Multiple Solutions to the Hartree-Fock Problem. I. General Treatment of Two-Electron Closed-Shell Systems

Abstract

The number of fully self‐consistent, closed‐shell solutions to the two‐electron Hartree‐Fock problem is investigated. With N orbital basis functions the Hartree‐Fock wavefunction can be expanded as a superposition of $\text{N(N\hspace{0.17em}+\hspace{0.17em}1)\hspace{0.17em}/\hspace{0.17em}2}$ configurations. The constraints in the coefficients are analyzed exactly for the case $\text{N\hspace{0.17em}=\hspace{0.17em}2}$ . The free CI problem corresopnds to finding energy extrema on the surface of a sphere. The Hartree‐Fock state point is constrained to lie on a circle on this sphere. There will be two, three or four SCF solutions depending on the manner in which the circle of constraint crosses valleys and ridges on the sphere. This is shown explicitly by detailed calculations for the He atom.
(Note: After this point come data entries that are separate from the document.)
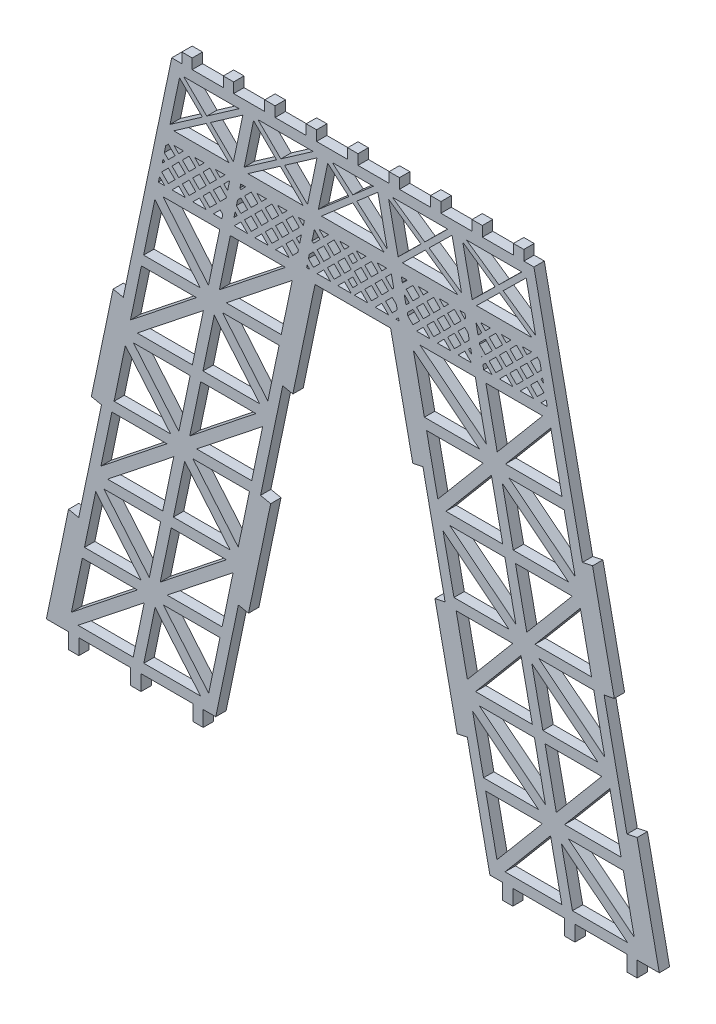
SolidWorks part; units mm, degrees
ref_plane "Front Plane" through (0, 0, 0) normal (0, 0, 1) x (1, 0, 0)
ref_plane "Top Plane" through (0, 0, 0) normal (0, 1, 0) x (1, 0, 0)
ref_plane "Right Plane" through (0, 0, 0) normal (1, 0, 0) x (0, 0, -1)
sketch "Sketch1" plane through (0, 0, 0) normal (0, 0, 1) x (1, 0, 0)
  line L1727 (344.6041, 258) -> (328.6274, 258)
  line L1728 (328.6274, 258) -> (347.7842, 242.7952)
  line L1729 (347.7842, 242.7952) -> (344.6041, 258)
  line L1730 (329.8663, 240.5406) -> (345.7992, 240.5406)
  line L1731 (345.7992, 240.5406) -> (326.6949, 255.7038)
  line L1732 (326.6949, 255.7038) -> (329.8663, 240.5406)
  line L1733 (354.4046, 237.5406) -> (370.3376, 237.5406)
  line L1734 (370.3376, 237.5406) -> (373.509, 222.3774)
  line L1735 (373.509, 222.3774) -> (354.4046, 237.5406)
  line L1736 (352.4197, 235.286) -> (355.5998, 220.0812)
  line L1737 (355.5998, 220.0812) -> (371.5764, 220.0812)
  line L1738 (371.5764, 220.0812) -> (352.4197, 235.286)
  line L1739 (353.1623, 217.0812) -> (337.1856, 217.0812)
  line L1740 (337.1856, 217.0812) -> (356.3424, 201.8765)
  line L1741 (356.3424, 201.8765) -> (353.1623, 217.0812)
  line L1742 (338.4245, 199.6218) -> (354.3574, 199.6218)
  line L1743 (354.3574, 199.6218) -> (335.2531, 214.785)
  line L1744 (335.2531, 214.785) -> (338.4245, 199.6218)
  line L1745 (362.9628, 196.6218) -> (378.8958, 196.6218)
  line L1746 (378.8958, 196.6218) -> (382.0672, 181.4586)
  line L1747 (382.0672, 181.4586) -> (362.9628, 196.6218)
  line L1748 (360.9779, 194.3672) -> (364.158, 179.1624)
  line L1749 (364.158, 179.1624) -> (380.1346, 179.1624)
  line L1750 (380.1346, 179.1624) -> (360.9779, 194.3672)
  line L1751 (361.7205, 176.1624) -> (345.7438, 176.1624)
  line L1752 (345.7438, 176.1624) -> (364.9006, 160.9577)
  line L1753 (364.9006, 160.9577) -> (361.7205, 176.1624)
  line L1754 (346.9827, 158.703) -> (362.9157, 158.703)
  line L1755 (362.9157, 158.703) -> (343.8113, 173.8662)
  line L1756 (343.8113, 173.8662) -> (346.9827, 158.703)
  line L1757 (371.521, 155.703) -> (387.454, 155.703)
  line L1758 (387.454, 155.703) -> (390.6254, 140.5398)
  line L1759 (390.6254, 140.5398) -> (371.521, 155.703)
  line L1760 (369.5361, 153.4484) -> (372.7162, 138.2436)
  line L1761 (372.7162, 138.2436) -> (388.6929, 138.2436)
  line L1762 (388.6929, 138.2436) -> (369.5361, 153.4484)
  line L1763 (369.6513, 138.2436) -> (366.3812, 153.8788)
  line L1764 (366.3812, 153.8788) -> (353.2223, 138.2436)
  line L1765 (353.2223, 138.2436) -> (369.6513, 138.2436)
  line L1766 (363.9954, 155.703) -> (350.8716, 140.1094)
  line L1767 (350.8716, 140.1094) -> (347.6101, 155.703)
  line L1768 (347.6101, 155.703) -> (363.9954, 155.703)
  line L1769 (364.7854, 176.1624) -> (368.0555, 160.5272)
  line L1770 (368.0555, 160.5272) -> (381.2144, 176.1624)
  line L1771 (381.2144, 176.1624) -> (364.7854, 176.1624)
  line L1772 (370.4413, 158.703) -> (383.5651, 174.2966)
  line L1773 (383.5651, 174.2966) -> (386.8266, 158.703)
  line L1774 (386.8266, 158.703) -> (370.4413, 158.703)
  line L1775 (361.0931, 179.1624) -> (357.8229, 194.7976)
  line L1776 (357.8229, 194.7976) -> (344.6641, 179.1624)
  line L1777 (344.6641, 179.1624) -> (361.0931, 179.1624)
  line L1778 (355.4372, 196.6218) -> (339.0519, 196.6218)
  line L1779 (339.0519, 196.6218) -> (342.3133, 181.0282)
  line L1780 (342.3133, 181.0282) -> (355.4372, 196.6218)
  line L1781 (356.2272, 217.0812) -> (359.4973, 201.446)
  line L1782 (359.4973, 201.446) -> (372.6562, 217.0812)
  line L1783 (372.6562, 217.0812) -> (356.2272, 217.0812)
  line L1784 (361.8831, 199.6218) -> (375.0069, 215.2154)
  line L1785 (375.0069, 215.2154) -> (378.2684, 199.6218)
  line L1786 (378.2684, 199.6218) -> (361.8831, 199.6218)
  line L1787 (352.5348, 220.0812) -> (349.2647, 235.7164)
  line L1788 (349.2647, 235.7164) -> (336.1059, 220.0812)
  line L1789 (336.1059, 220.0812) -> (352.5348, 220.0812)
  line L1790 (346.879, 237.5406) -> (330.4937, 237.5406)
  line L1791 (330.4937, 237.5406) -> (333.7551, 221.947)
  line L1792 (333.7551, 221.947) -> (346.879, 237.5406)
  line L1793 (347.669, 258) -> (350.9391, 242.3648)
  line L1794 (350.9391, 242.3648) -> (364.0979, 258)
  line L1795 (364.0979, 258) -> (347.669, 258)
  line L1796 (353.3249, 240.5406) -> (366.4487, 256.1342)
  line L1797 (366.4487, 256.1342) -> (369.7101, 240.5406)
  line L1798 (369.7101, 240.5406) -> (353.3249, 240.5406)
  line L1799 (340.9768, 289.9971) -> (343.7077, 276.9397)
  line L1800 (343.7077, 276.9397) -> (350.3463, 283.4684)
  line L1801 (350.3463, 283.4684) -> (340.9768, 289.9971)
  line L1802 (352.6864, 283.666) -> (362.0559, 277.1373)
  line L1803 (362.0559, 277.1373) -> (359.3249, 290.1947)
  line L1804 (359.3249, 290.1947) -> (352.6864, 283.666)
  line L1805 (360.9678, 276.0672) -> (351.5983, 282.5959)
  line L1806 (351.5983, 282.5959) -> (344.9598, 276.0672)
  line L1807 (344.9598, 276.0672) -> (360.9678, 276.0672)
  line L1808 (342.0648, 291.0672) -> (351.4343, 284.5385)
  line L1809 (351.4343, 284.5385) -> (358.0728, 291.0672)
  line L1810 (358.0728, 291.0672) -> (342.0648, 291.0672)
  line L1811 (340.6015, 277.1373) -> (337.8705, 290.1947)
  line L1812 (337.8705, 290.1947) -> (331.232, 283.666)
  line L1813 (331.232, 283.666) -> (340.6015, 277.1373)
  line L1814 (339.5134, 276.0672) -> (330.144, 282.5959)
  line L1815 (330.144, 282.5959) -> (323.5054, 276.0672)
  line L1816 (323.5054, 276.0672) -> (339.5134, 276.0672)
  line L1817 (319.5224, 289.9971) -> (322.2534, 276.9397)
  line L1818 (322.2534, 276.9397) -> (328.8919, 283.4684)
  line L1819 (328.8919, 283.4684) -> (319.5224, 289.9971)
  line L1820 (320.6104, 291.0672) -> (329.9799, 284.5385)
  line L1821 (329.9799, 284.5385) -> (336.6184, 291.0672)
  line L1822 (336.6184, 291.0672) -> (320.6104, 291.0672)
  line L1823 (319.1174, 277.2791) -> (316.4094, 290.2271)
  line L1824 (316.4094, 290.2271) -> (310.2902, 284.9261)
  line L1825 (310.2902, 284.9261) -> (319.1174, 277.2791)
  line L1826 (316.1711, 272.4369) -> (317.5474, 271.0607)
  line L1827 (317.5474, 271.0607) -> (318.9237, 272.4369)
  line L1828 (318.9237, 272.4369) -> (316.1711, 272.4369)
  line L1829 (310.1711, 272.4369) -> (311.5474, 271.0607)
  line L1830 (311.5474, 271.0607) -> (312.9237, 272.4369)
  line L1831 (312.9237, 272.4369) -> (310.1711, 272.4369)
  line L1832 (309.6081, 267) -> (311.5474, 265.0607)
  line L1833 (311.5474, 265.0607) -> (313.4868, 267)
  line L1834 (313.4868, 267) -> (311.5474, 268.9393)
  line L1835 (311.5474, 268.9393) -> (309.6081, 267)
  line L1836 (314.5474, 268.0607) -> (316.4868, 270)
  line L1837 (316.4868, 270) -> (314.5474, 271.9393)
  line L1838 (314.5474, 271.9393) -> (312.6081, 270)
  line L1839 (312.6081, 270) -> (314.5474, 268.0607)
  line L1840 (311.5474, 262.9393) -> (309.6081, 261)
  line L1841 (309.6081, 261) -> (313.4868, 261)
  line L1842 (313.4868, 261) -> (311.5474, 262.9393)
  line L1843 (314.5474, 265.9393) -> (312.6081, 264)
  line L1844 (312.6081, 264) -> (314.5474, 262.0607)
  line L1845 (314.5474, 262.0607) -> (316.4868, 264)
  line L1846 (316.4868, 264) -> (314.5474, 265.9393)
  line L1847 (317.5474, 268.9393) -> (315.6081, 267)
  line L1848 (315.6081, 267) -> (317.5474, 265.0607)
  line L1849 (317.5474, 265.0607) -> (319.4868, 267)
  line L1850 (319.4868, 267) -> (317.5474, 268.9393)
  line L1851 (323.1951, 272.4369) -> (323.4659, 271.1422)
  line L1852 (323.4659, 271.1422) -> (323.5474, 271.0607)
  line L1853 (323.5474, 271.0607) -> (324.9237, 272.4369)
  line L1854 (324.9237, 272.4369) -> (323.1951, 272.4369)
  line L1855 (320.2884, 271.6803) -> (318.6081, 270)
  line L1856 (318.6081, 270) -> (320.5474, 268.0607)
  line L1857 (320.5474, 268.0607) -> (320.9593, 268.4726)
  line L1858 (320.9593, 268.4726) -> (320.2884, 271.6803)
  line L1859 (322.5222, 261) -> (322.3641, 261.756)
  line L1860 (322.3641, 261.756) -> (321.6081, 261)
  line L1861 (321.6081, 261) -> (322.5222, 261)
  line L1862 (317.5474, 262.9393) -> (315.6081, 261)
  line L1863 (315.6081, 261) -> (319.4868, 261)
  line L1864 (319.4868, 261) -> (317.5474, 262.9393)
  line L1865 (321.7382, 264.7485) -> (320.5474, 265.9393)
  line L1866 (320.5474, 265.9393) -> (318.6081, 264)
  line L1867 (318.6081, 264) -> (320.5474, 262.0607)
  line L1868 (320.5474, 262.0607) -> (321.9972, 263.5104)
  line L1869 (321.9972, 263.5104) -> (321.7382, 264.7485)
  line L1870 (324.0269, 268.4598) -> (324.5319, 266.0452)
  line L1871 (324.5319, 266.0452) -> (325.4868, 267)
  line L1872 (325.4868, 267) -> (324.0269, 268.4598)
  line L1873 (326.5474, 271.9393) -> (324.6081, 270)
  line L1874 (324.6081, 270) -> (326.5474, 268.0607)
  line L1875 (326.5474, 268.0607) -> (328.4868, 270)
  line L1876 (328.4868, 270) -> (326.5474, 271.9393)
  line L1877 (328.1711, 272.4369) -> (329.5474, 271.0607)
  line L1878 (329.5474, 271.0607) -> (330.9237, 272.4369)
  line L1879 (330.9237, 272.4369) -> (328.1711, 272.4369)
  line L1880 (326.5474, 265.9393) -> (324.8989, 264.2908)
  line L1881 (324.8989, 264.2908) -> (325.0527, 263.5554)
  line L1882 (325.0527, 263.5554) -> (326.5474, 262.0607)
  line L1883 (326.5474, 262.0607) -> (328.4868, 264)
  line L1884 (328.4868, 264) -> (326.5474, 265.9393)
  line L1885 (329.5474, 268.9393) -> (327.6081, 267)
  line L1886 (327.6081, 267) -> (329.5474, 265.0607)
  line L1887 (329.5474, 265.0607) -> (331.4868, 267)
  line L1888 (331.4868, 267) -> (329.5474, 268.9393)
  line L1889 (332.5474, 271.9393) -> (330.6081, 270)
  line L1890 (330.6081, 270) -> (332.5474, 268.0607)
  line L1891 (332.5474, 268.0607) -> (334.4868, 270)
  line L1892 (334.4868, 270) -> (332.5474, 271.9393)
  line L1893 (334.1711, 272.4369) -> (335.5474, 271.0607)
  line L1894 (335.5474, 271.0607) -> (336.9237, 272.4369)
  line L1895 (336.9237, 272.4369) -> (334.1711, 272.4369)
  line L1896 (329.5474, 262.9393) -> (327.6081, 261)
  line L1897 (327.6081, 261) -> (331.4868, 261)
  line L1898 (331.4868, 261) -> (329.5474, 262.9393)
  line L1899 (332.5474, 265.9393) -> (330.6081, 264)
  line L1900 (330.6081, 264) -> (332.5474, 262.0607)
  line L1901 (332.5474, 262.0607) -> (334.4868, 264)
  line L1902 (334.4868, 264) -> (332.5474, 265.9393)
  line L1903 (335.5474, 268.9393) -> (333.6081, 267)
  line L1904 (333.6081, 267) -> (335.5474, 265.0607)
  line L1905 (335.5474, 265.0607) -> (337.4868, 267)
  line L1906 (337.4868, 267) -> (335.5474, 268.9393)
  line L1907 (338.5474, 271.9393) -> (336.6081, 270)
  line L1908 (336.6081, 270) -> (338.5474, 268.0607)
  line L1909 (338.5474, 268.0607) -> (340.4868, 270)
  line L1910 (340.4868, 270) -> (338.5474, 271.9393)
  line L1911 (341.5846, 272.4369) -> (340.1711, 272.4369)
  line L1912 (340.1711, 272.4369) -> (341.5474, 271.0607)
  line L1913 (341.5474, 271.0607) -> (341.8162, 271.3295)
  line L1914 (341.8162, 271.3295) -> (341.5846, 272.4369)
  line L1915 (343.5452, 263.0629) -> (343.221, 264.6129)
  line L1916 (343.221, 264.6129) -> (342.6081, 264)
  line L1917 (342.6081, 264) -> (343.5452, 263.0629)
  line L1918 (335.5474, 262.9393) -> (333.6081, 261)
  line L1919 (333.6081, 261) -> (337.4868, 261)
  line L1920 (337.4868, 261) -> (335.5474, 262.9393)
  line L1921 (338.5474, 265.9393) -> (336.6081, 264)
  line L1922 (336.6081, 264) -> (338.5474, 262.0607)
  line L1923 (338.5474, 262.0607) -> (340.4868, 264)
  line L1924 (340.4868, 264) -> (338.5474, 265.9393)
  line L1925 (342.5194, 267.9674) -> (341.5474, 268.9393)
  line L1926 (341.5474, 268.9393) -> (339.6081, 267)
  line L1927 (339.6081, 267) -> (341.5474, 265.0607)
  line L1928 (341.5474, 265.0607) -> (342.8541, 266.3673)
  line L1929 (342.8541, 266.3673) -> (342.5194, 267.9674)
  line L1930 (344.8081, 271.6787) -> (345.3888, 268.9021)
  line L1931 (345.3888, 268.9021) -> (346.4868, 270)
  line L1932 (346.4868, 270) -> (344.8081, 271.6787)
  line L1933 (346.1711, 272.4369) -> (347.5474, 271.0607)
  line L1934 (347.5474, 271.0607) -> (348.9237, 272.4369)
  line L1935 (348.9237, 272.4369) -> (346.1711, 272.4369)
  line L1936 (341.5474, 262.9393) -> (339.6081, 261)
  line L1937 (339.6081, 261) -> (343.4868, 261)
  line L1938 (343.4868, 261) -> (341.5474, 262.9393)
  line L1939 (346.3949, 264.0919) -> (346.4267, 263.9399)
  line L1940 (346.4267, 263.9399) -> (346.4868, 264)
  line L1941 (346.4868, 264) -> (346.3949, 264.0919)
  line L1942 (347.5474, 268.9393) -> (345.7558, 267.1477)
  line L1943 (345.7558, 267.1477) -> (345.8339, 266.7742)
  line L1944 (345.8339, 266.7742) -> (347.5474, 265.0607)
  line L1945 (347.5474, 265.0607) -> (349.4868, 267)
  line L1946 (349.4868, 267) -> (347.5474, 268.9393)
  line L1947 (350.5474, 271.9393) -> (348.6081, 270)
  line L1948 (348.6081, 270) -> (350.5474, 268.0607)
  line L1949 (350.5474, 268.0607) -> (352.4868, 270)
  line L1950 (352.4868, 270) -> (350.5474, 271.9393)
  line L1951 (352.1711, 272.4369) -> (353.5474, 271.0607)
  line L1952 (353.5474, 271.0607) -> (354.9237, 272.4369)
  line L1953 (354.9237, 272.4369) -> (352.1711, 272.4369)
  line L1954 (347.5474, 262.9393) -> (346.7936, 262.1855)
  line L1955 (346.7936, 262.1855) -> (347.0415, 261)
  line L1956 (347.0415, 261) -> (349.4868, 261)
  line L1957 (349.4868, 261) -> (347.5474, 262.9393)
  line L1958 (350.5474, 265.9393) -> (348.6081, 264)
  line L1959 (348.6081, 264) -> (350.5474, 262.0607)
  line L1960 (350.5474, 262.0607) -> (352.4868, 264)
  line L1961 (352.4868, 264) -> (350.5474, 265.9393)
  line L1962 (353.5474, 268.9393) -> (351.6081, 267)
  line L1963 (351.6081, 267) -> (353.5474, 265.0607)
  line L1964 (353.5474, 265.0607) -> (355.4868, 267)
  line L1965 (355.4868, 267) -> (353.5474, 268.9393)
  line L1966 (356.5474, 271.9393) -> (354.6081, 270)
  line L1967 (354.6081, 270) -> (356.5474, 268.0607)
  line L1968 (356.5474, 268.0607) -> (358.4868, 270)
  line L1969 (358.4868, 270) -> (356.5474, 271.9393)
  line L1970 (358.1711, 272.4369) -> (359.5474, 271.0607)
  line L1971 (359.5474, 271.0607) -> (360.9237, 272.4369)
  line L1972 (360.9237, 272.4369) -> (358.1711, 272.4369)
  line L1973 (353.5474, 262.9393) -> (351.6081, 261)
  line L1974 (351.6081, 261) -> (355.4868, 261)
  line L1975 (355.4868, 261) -> (353.5474, 262.9393)
  line L1976 (356.5474, 265.9393) -> (354.6081, 264)
  line L1977 (354.6081, 264) -> (356.5474, 262.0607)
  line L1978 (356.5474, 262.0607) -> (358.4868, 264)
  line L1979 (358.4868, 264) -> (356.5474, 265.9393)
  line L1980 (359.5474, 268.9393) -> (357.6081, 267)
  line L1981 (357.6081, 267) -> (359.5474, 265.0607)
  line L1982 (359.5474, 265.0607) -> (361.4868, 267)
  line L1983 (361.4868, 267) -> (359.5474, 268.9393)
  line L1984 (363.3006, 271.1862) -> (362.5474, 271.9393)
  line L1985 (362.5474, 271.9393) -> (360.6081, 270)
  line L1986 (360.6081, 270) -> (362.5474, 268.0607)
  line L1987 (362.5474, 268.0607) -> (363.7109, 269.2242)
  line L1988 (363.7109, 269.2242) -> (363.3006, 271.1862)
  line L1989 (363.6081, 267) -> (364.3263, 266.2817)
  line L1990 (364.3263, 266.2817) -> (364.0779, 267.4698)
  line L1991 (364.0779, 267.4698) -> (363.6081, 267)
  line L1992 (359.5474, 262.9393) -> (357.6081, 261)
  line L1993 (357.6081, 261) -> (361.4868, 261)
  line L1994 (361.4868, 261) -> (359.5474, 262.9393)
  line L1995 (362.5474, 265.9393) -> (360.6081, 264)
  line L1996 (360.6081, 264) -> (362.5474, 262.0607)
  line L1997 (362.5474, 262.0607) -> (364.4868, 264)
  line L1998 (364.4868, 264) -> (362.5474, 265.9393)
  line L1999 (365.1157, 262.5076) -> (365.431, 261)
  line L2000 (365.431, 261) -> (363.6081, 261)
  line L2001 (363.6081, 261) -> (365.1157, 262.5076)
  line L2002 (273.6855, 258) -> (289.6622, 258)
  line L2003 (289.6622, 258) -> (270.5055, 242.7952)
  line L2004 (270.5055, 242.7952) -> (273.6855, 258)
  line L2005 (288.4234, 240.5406) -> (272.4904, 240.5406)
  line L2006 (272.4904, 240.5406) -> (291.5948, 255.7038)
  line L2007 (291.5948, 255.7038) -> (288.4234, 240.5406)
  line L2008 (244.7807, 222.3774) -> (247.952, 237.5406)
  line L2009 (247.952, 237.5406) -> (263.885, 237.5406)
  line L2010 (263.885, 237.5406) -> (244.7807, 222.3774)
  line L2011 (265.87, 235.286) -> (262.6899, 220.0812)
  line L2012 (262.6899, 220.0812) -> (246.7132, 220.0812)
  line L2013 (246.7132, 220.0812) -> (265.87, 235.286)
  line L2014 (265.1273, 217.0812) -> (281.104, 217.0812)
  line L2015 (281.104, 217.0812) -> (261.9472, 201.8765)
  line L2016 (261.9472, 201.8765) -> (265.1273, 217.0812)
  line L2017 (279.8652, 199.6218) -> (263.9322, 199.6218)
  line L2018 (263.9322, 199.6218) -> (283.0366, 214.785)
  line L2019 (283.0366, 214.785) -> (279.8652, 199.6218)
  line L2020 (236.2224, 181.4586) -> (239.3938, 196.6218)
  line L2021 (239.3938, 196.6218) -> (255.3268, 196.6218)
  line L2022 (255.3268, 196.6218) -> (236.2224, 181.4586)
  line L2023 (257.3118, 194.3672) -> (254.1317, 179.1624)
  line L2024 (254.1317, 179.1624) -> (238.155, 179.1624)
  line L2025 (238.155, 179.1624) -> (257.3118, 194.3672)
  line L2026 (256.5691, 176.1624) -> (272.5458, 176.1624)
  line L2027 (272.5458, 176.1624) -> (253.389, 160.9577)
  line L2028 (253.389, 160.9577) -> (256.5691, 176.1624)
  line L2029 (271.307, 158.703) -> (255.374, 158.703)
  line L2030 (255.374, 158.703) -> (274.4783, 173.8662)
  line L2031 (274.4783, 173.8662) -> (271.307, 158.703)
  line L2032 (227.6642, 140.5398) -> (230.8356, 155.703)
  line L2033 (230.8356, 155.703) -> (246.7686, 155.703)
  line L2034 (246.7686, 155.703) -> (227.6642, 140.5398)
  line L2035 (229.5968, 138.2436) -> (245.5734, 138.2436)
  line L2036 (245.5734, 138.2436) -> (248.7535, 153.4484)
  line L2037 (248.7535, 153.4484) -> (229.5968, 138.2436)
  line L2038 (248.6384, 138.2436) -> (251.9085, 153.8788)
  line L2039 (251.9085, 153.8788) -> (265.0673, 138.2436)
  line L2040 (265.0673, 138.2436) -> (248.6384, 138.2436)
  line L2041 (270.6795, 155.703) -> (267.4181, 140.1094)
  line L2042 (267.4181, 140.1094) -> (254.2943, 155.703)
  line L2043 (254.2943, 155.703) -> (270.6795, 155.703)
  line L2044 (253.5042, 176.1624) -> (250.2341, 160.5272)
  line L2045 (250.2341, 160.5272) -> (237.0753, 176.1624)
  line L2046 (237.0753, 176.1624) -> (253.5042, 176.1624)
  line L2047 (231.4631, 158.703) -> (234.7245, 174.2966)
  line L2048 (234.7245, 174.2966) -> (247.8483, 158.703)
  line L2049 (247.8483, 158.703) -> (231.4631, 158.703)
  line L2050 (257.1966, 179.1624) -> (260.4667, 194.7976)
  line L2051 (260.4667, 194.7976) -> (273.6255, 179.1624)
  line L2052 (273.6255, 179.1624) -> (257.1966, 179.1624)
  line L2053 (275.9763, 181.0282) -> (279.2377, 196.6218)
  line L2054 (279.2377, 196.6218) -> (262.8525, 196.6218)
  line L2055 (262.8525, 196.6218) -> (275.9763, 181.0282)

These calculations also reveal instances in which aufbau method of solution necessarily diverges. The general problem can be analyzed under the assumption of zero differential overlap. The Hartree‐Fock matrix is diagonal in this approximation, but the diagonal elements still involve the orbital coefficients. One can set an upper limit of ${\text{(3}}^N\text{\hspace{0.17em}−\hspace{0.17em}1)\hspace{0.17em}/\hspace{0.17em}2}$ to the number of acceptable solutions for this problem.